[INFORMATION Boundary: Start]

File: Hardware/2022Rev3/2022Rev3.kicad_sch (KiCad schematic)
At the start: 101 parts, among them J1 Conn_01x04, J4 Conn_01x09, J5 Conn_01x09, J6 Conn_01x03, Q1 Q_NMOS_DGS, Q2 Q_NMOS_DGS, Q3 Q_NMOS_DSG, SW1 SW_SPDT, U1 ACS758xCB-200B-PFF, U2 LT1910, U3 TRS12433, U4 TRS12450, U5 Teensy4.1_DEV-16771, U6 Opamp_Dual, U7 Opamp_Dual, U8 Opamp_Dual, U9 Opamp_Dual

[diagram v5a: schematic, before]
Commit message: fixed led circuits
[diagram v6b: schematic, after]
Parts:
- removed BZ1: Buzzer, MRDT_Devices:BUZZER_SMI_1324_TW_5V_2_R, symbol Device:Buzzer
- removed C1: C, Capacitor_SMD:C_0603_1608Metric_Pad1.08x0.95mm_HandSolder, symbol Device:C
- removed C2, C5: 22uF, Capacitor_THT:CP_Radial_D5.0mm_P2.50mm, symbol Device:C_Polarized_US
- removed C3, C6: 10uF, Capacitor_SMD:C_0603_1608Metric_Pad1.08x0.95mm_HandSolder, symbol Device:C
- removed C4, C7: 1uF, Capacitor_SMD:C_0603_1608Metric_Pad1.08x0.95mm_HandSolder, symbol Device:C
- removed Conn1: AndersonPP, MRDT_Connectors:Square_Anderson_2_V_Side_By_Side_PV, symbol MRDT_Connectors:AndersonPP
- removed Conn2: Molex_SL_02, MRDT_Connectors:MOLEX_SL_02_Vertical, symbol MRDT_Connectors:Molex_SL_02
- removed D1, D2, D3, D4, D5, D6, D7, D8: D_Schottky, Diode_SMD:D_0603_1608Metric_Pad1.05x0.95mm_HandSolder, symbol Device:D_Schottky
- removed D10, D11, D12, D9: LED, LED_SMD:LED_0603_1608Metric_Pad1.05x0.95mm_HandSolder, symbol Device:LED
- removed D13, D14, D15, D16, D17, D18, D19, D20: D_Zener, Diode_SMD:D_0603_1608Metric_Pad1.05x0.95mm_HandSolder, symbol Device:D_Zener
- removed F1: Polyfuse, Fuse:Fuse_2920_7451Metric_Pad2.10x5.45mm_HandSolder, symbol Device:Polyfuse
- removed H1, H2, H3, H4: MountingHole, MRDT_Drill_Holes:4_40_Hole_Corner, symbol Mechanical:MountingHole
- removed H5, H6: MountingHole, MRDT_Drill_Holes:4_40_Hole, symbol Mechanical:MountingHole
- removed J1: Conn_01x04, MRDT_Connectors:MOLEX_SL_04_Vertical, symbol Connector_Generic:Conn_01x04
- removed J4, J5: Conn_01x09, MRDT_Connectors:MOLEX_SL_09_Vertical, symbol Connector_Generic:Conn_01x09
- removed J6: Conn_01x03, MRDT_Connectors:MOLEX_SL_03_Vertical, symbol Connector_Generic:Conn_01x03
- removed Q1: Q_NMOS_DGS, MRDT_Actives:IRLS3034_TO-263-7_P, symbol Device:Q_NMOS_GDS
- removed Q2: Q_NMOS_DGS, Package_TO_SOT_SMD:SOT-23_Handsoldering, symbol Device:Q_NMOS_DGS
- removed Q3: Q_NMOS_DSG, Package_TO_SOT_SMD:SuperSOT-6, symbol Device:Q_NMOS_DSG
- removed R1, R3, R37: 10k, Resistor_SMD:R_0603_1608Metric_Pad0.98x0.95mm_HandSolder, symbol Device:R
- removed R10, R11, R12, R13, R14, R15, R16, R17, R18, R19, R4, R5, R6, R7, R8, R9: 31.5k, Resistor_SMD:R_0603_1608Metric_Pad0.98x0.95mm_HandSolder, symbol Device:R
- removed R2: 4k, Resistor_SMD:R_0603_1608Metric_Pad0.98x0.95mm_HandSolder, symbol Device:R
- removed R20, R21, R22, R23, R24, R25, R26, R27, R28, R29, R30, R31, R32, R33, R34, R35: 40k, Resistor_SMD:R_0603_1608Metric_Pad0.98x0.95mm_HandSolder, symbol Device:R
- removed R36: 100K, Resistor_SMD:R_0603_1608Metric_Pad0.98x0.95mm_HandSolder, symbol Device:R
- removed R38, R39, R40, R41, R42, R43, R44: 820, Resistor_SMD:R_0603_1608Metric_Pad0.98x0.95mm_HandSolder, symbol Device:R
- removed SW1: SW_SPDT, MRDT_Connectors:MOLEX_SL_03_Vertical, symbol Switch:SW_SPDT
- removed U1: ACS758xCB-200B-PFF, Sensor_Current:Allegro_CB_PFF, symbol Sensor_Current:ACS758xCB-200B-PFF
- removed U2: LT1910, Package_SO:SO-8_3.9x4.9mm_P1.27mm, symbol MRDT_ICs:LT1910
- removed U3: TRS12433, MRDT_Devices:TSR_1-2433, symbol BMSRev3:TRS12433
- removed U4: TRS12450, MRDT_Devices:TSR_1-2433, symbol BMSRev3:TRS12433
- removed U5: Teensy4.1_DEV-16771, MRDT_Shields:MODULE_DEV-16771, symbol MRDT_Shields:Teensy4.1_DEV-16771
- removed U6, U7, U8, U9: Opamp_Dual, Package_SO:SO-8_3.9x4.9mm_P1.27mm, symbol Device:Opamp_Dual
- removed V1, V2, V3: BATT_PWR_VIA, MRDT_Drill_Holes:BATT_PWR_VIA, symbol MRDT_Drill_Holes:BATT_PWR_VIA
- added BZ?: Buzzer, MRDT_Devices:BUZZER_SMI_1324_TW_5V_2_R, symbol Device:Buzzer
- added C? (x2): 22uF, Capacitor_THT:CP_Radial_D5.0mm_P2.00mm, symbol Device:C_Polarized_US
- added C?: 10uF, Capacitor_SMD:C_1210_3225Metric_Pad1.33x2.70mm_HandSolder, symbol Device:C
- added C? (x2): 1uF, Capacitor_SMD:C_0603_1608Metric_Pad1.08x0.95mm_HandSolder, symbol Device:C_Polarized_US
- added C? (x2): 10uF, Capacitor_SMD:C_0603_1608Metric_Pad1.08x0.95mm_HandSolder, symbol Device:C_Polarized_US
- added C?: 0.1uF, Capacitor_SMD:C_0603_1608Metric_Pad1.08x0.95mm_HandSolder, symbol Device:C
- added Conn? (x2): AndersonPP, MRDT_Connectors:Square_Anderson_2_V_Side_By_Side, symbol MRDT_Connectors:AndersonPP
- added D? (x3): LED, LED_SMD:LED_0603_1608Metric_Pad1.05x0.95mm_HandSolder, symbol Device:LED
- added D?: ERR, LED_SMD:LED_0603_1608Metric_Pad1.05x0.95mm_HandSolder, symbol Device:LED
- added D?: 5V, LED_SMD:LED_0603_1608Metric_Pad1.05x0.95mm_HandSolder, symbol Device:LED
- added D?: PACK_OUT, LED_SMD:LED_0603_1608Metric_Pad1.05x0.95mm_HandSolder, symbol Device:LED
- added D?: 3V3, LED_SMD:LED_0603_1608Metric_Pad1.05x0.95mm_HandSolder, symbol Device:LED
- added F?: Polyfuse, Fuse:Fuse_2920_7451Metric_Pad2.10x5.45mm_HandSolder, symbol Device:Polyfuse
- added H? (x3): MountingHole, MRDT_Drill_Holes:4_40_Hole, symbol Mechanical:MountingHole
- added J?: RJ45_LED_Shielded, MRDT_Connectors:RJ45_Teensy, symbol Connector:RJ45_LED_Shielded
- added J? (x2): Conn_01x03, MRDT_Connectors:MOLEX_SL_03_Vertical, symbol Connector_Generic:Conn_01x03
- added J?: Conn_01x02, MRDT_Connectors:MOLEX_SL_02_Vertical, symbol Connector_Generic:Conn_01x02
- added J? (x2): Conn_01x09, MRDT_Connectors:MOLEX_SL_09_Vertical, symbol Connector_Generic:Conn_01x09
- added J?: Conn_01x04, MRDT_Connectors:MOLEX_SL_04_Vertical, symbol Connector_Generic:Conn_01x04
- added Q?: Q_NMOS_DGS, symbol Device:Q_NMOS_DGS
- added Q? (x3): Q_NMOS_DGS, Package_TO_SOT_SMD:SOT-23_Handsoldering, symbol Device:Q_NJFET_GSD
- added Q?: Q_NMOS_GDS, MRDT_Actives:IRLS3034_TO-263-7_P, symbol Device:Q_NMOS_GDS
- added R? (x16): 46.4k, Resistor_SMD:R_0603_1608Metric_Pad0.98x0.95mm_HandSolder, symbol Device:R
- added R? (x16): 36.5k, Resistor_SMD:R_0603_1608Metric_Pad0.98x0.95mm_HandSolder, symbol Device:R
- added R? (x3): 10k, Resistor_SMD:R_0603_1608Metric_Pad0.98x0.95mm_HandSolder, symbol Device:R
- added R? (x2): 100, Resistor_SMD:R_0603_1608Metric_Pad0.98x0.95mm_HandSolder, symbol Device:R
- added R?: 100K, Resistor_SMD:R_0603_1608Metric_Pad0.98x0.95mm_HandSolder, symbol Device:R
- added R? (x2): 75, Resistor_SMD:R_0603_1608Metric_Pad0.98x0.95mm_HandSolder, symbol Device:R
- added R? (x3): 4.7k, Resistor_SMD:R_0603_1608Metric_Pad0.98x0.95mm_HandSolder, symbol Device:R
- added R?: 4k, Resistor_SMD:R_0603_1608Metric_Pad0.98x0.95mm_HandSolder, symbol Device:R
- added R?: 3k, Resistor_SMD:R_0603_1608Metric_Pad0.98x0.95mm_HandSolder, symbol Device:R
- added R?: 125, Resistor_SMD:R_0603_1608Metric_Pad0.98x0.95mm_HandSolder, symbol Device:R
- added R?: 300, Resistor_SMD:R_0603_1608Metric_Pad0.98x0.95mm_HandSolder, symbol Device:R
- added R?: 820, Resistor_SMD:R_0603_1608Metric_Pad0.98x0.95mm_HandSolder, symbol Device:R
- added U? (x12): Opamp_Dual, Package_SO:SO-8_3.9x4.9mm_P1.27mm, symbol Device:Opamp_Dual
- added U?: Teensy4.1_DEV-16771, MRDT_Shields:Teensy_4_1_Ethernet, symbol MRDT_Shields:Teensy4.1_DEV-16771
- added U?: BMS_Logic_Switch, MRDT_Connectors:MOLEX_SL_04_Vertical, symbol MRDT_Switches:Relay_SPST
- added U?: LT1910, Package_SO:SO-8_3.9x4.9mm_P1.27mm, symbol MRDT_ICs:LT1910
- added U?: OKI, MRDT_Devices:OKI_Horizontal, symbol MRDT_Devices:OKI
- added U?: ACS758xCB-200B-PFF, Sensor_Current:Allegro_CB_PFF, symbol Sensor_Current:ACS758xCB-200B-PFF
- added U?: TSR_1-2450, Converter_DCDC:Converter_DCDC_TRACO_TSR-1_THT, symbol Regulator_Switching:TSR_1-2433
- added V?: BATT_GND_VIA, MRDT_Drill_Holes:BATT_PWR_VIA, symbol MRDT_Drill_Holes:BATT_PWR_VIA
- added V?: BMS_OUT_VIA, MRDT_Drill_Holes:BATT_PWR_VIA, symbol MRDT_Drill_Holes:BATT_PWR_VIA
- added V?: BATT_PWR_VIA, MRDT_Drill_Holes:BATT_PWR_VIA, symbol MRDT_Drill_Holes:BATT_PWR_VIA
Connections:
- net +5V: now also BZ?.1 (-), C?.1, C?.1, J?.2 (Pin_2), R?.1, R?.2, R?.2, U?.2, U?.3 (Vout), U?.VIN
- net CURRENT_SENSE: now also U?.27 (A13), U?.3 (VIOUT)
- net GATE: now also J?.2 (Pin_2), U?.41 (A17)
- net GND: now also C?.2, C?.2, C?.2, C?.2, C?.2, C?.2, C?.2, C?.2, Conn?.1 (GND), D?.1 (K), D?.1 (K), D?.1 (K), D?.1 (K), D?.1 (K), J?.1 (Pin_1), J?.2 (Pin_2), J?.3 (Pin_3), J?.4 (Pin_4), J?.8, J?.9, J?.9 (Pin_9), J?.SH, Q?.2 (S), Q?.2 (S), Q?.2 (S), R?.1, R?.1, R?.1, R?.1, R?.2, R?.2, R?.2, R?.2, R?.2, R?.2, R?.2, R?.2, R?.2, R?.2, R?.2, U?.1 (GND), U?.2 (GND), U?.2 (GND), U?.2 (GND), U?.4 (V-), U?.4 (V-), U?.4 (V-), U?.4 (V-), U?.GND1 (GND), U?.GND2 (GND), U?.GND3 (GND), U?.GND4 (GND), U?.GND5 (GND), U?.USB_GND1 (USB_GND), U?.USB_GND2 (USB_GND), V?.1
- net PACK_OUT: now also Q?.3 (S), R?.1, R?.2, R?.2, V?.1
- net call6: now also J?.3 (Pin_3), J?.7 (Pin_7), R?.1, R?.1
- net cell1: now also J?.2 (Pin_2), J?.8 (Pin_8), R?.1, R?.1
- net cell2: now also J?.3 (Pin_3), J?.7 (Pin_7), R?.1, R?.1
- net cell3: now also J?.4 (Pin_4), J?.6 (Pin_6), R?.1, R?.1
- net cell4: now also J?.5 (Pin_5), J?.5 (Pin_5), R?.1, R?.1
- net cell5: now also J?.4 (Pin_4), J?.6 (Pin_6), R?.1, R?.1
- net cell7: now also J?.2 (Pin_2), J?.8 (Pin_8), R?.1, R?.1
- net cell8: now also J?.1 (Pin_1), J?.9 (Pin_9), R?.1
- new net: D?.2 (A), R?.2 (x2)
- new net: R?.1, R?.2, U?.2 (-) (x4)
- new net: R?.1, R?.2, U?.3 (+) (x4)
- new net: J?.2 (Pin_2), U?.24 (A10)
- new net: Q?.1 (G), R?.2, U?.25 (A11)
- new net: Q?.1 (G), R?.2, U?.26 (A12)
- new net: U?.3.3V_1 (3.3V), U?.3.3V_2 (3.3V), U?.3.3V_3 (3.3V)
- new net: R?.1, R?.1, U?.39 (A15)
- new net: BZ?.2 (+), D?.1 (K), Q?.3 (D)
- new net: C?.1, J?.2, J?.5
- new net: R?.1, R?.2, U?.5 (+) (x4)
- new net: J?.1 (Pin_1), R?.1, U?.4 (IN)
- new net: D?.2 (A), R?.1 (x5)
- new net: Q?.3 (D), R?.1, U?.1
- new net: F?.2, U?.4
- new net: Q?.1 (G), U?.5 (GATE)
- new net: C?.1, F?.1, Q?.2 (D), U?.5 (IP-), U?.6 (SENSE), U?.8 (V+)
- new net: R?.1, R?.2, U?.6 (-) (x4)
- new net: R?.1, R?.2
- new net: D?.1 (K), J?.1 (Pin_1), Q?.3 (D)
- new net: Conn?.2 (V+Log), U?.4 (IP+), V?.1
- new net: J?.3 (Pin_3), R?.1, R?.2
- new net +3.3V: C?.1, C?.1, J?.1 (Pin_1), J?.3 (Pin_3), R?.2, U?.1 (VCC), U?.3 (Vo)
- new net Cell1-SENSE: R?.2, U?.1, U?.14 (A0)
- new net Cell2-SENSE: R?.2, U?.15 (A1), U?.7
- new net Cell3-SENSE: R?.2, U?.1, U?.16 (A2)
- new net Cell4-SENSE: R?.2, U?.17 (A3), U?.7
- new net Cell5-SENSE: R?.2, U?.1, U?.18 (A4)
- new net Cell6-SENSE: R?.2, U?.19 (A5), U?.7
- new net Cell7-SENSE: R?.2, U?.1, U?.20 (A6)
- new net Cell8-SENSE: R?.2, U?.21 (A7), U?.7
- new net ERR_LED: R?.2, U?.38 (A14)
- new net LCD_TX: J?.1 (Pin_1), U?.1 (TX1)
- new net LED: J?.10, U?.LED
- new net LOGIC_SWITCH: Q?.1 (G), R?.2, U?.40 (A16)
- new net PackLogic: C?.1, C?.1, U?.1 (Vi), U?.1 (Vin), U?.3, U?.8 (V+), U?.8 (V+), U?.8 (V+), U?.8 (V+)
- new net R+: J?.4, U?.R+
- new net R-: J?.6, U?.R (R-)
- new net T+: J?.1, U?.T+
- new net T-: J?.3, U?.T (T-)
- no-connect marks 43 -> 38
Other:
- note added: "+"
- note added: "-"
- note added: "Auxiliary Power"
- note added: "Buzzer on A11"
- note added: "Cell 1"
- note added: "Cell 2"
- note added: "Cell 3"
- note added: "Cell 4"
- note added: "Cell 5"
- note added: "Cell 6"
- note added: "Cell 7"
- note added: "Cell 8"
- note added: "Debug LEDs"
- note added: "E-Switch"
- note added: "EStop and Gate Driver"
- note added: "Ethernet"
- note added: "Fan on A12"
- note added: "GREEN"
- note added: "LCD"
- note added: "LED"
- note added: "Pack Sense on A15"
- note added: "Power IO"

[INFORMATION Boundary: End]

Starting at the first line of the entries above, please extract each line up to and including the line with "BZ1: Buzzer, MRDT_Devices:BUZZER_SMI_1324_TW_5V_2_R, symbol", unchanged, and add nothing.

File: Hardware/2022Rev3/2022Rev3.kicad_sch (KiCad schematic)
At the start: 101 parts, among them J1 Conn_01x04, J4 Conn_01x09, J5 Conn_01x09, J6 Conn_01x03, Q1 Q_NMOS_DGS, Q2 Q_NMOS_DGS, Q3 Q_NMOS_DSG, SW1 SW_SPDT, U1 ACS758xCB-200B-PFF, U2 LT1910, U3 TRS12433, U4 TRS12450, U5 Teensy4.1_DEV-16771, U6 Opamp_Dual, U7 Opamp_Dual, U8 Opamp_Dual, U9 Opamp_Dual

[diagram v5a: schematic, before]
Commit message: fixed led circuits
[diagram v6b: schematic, after]
Parts:
- removed BZ1: Buzzer, MRDT_Devices:BUZZER_SMI_1324_TW_5V_2_R, symbol Device:Buzzer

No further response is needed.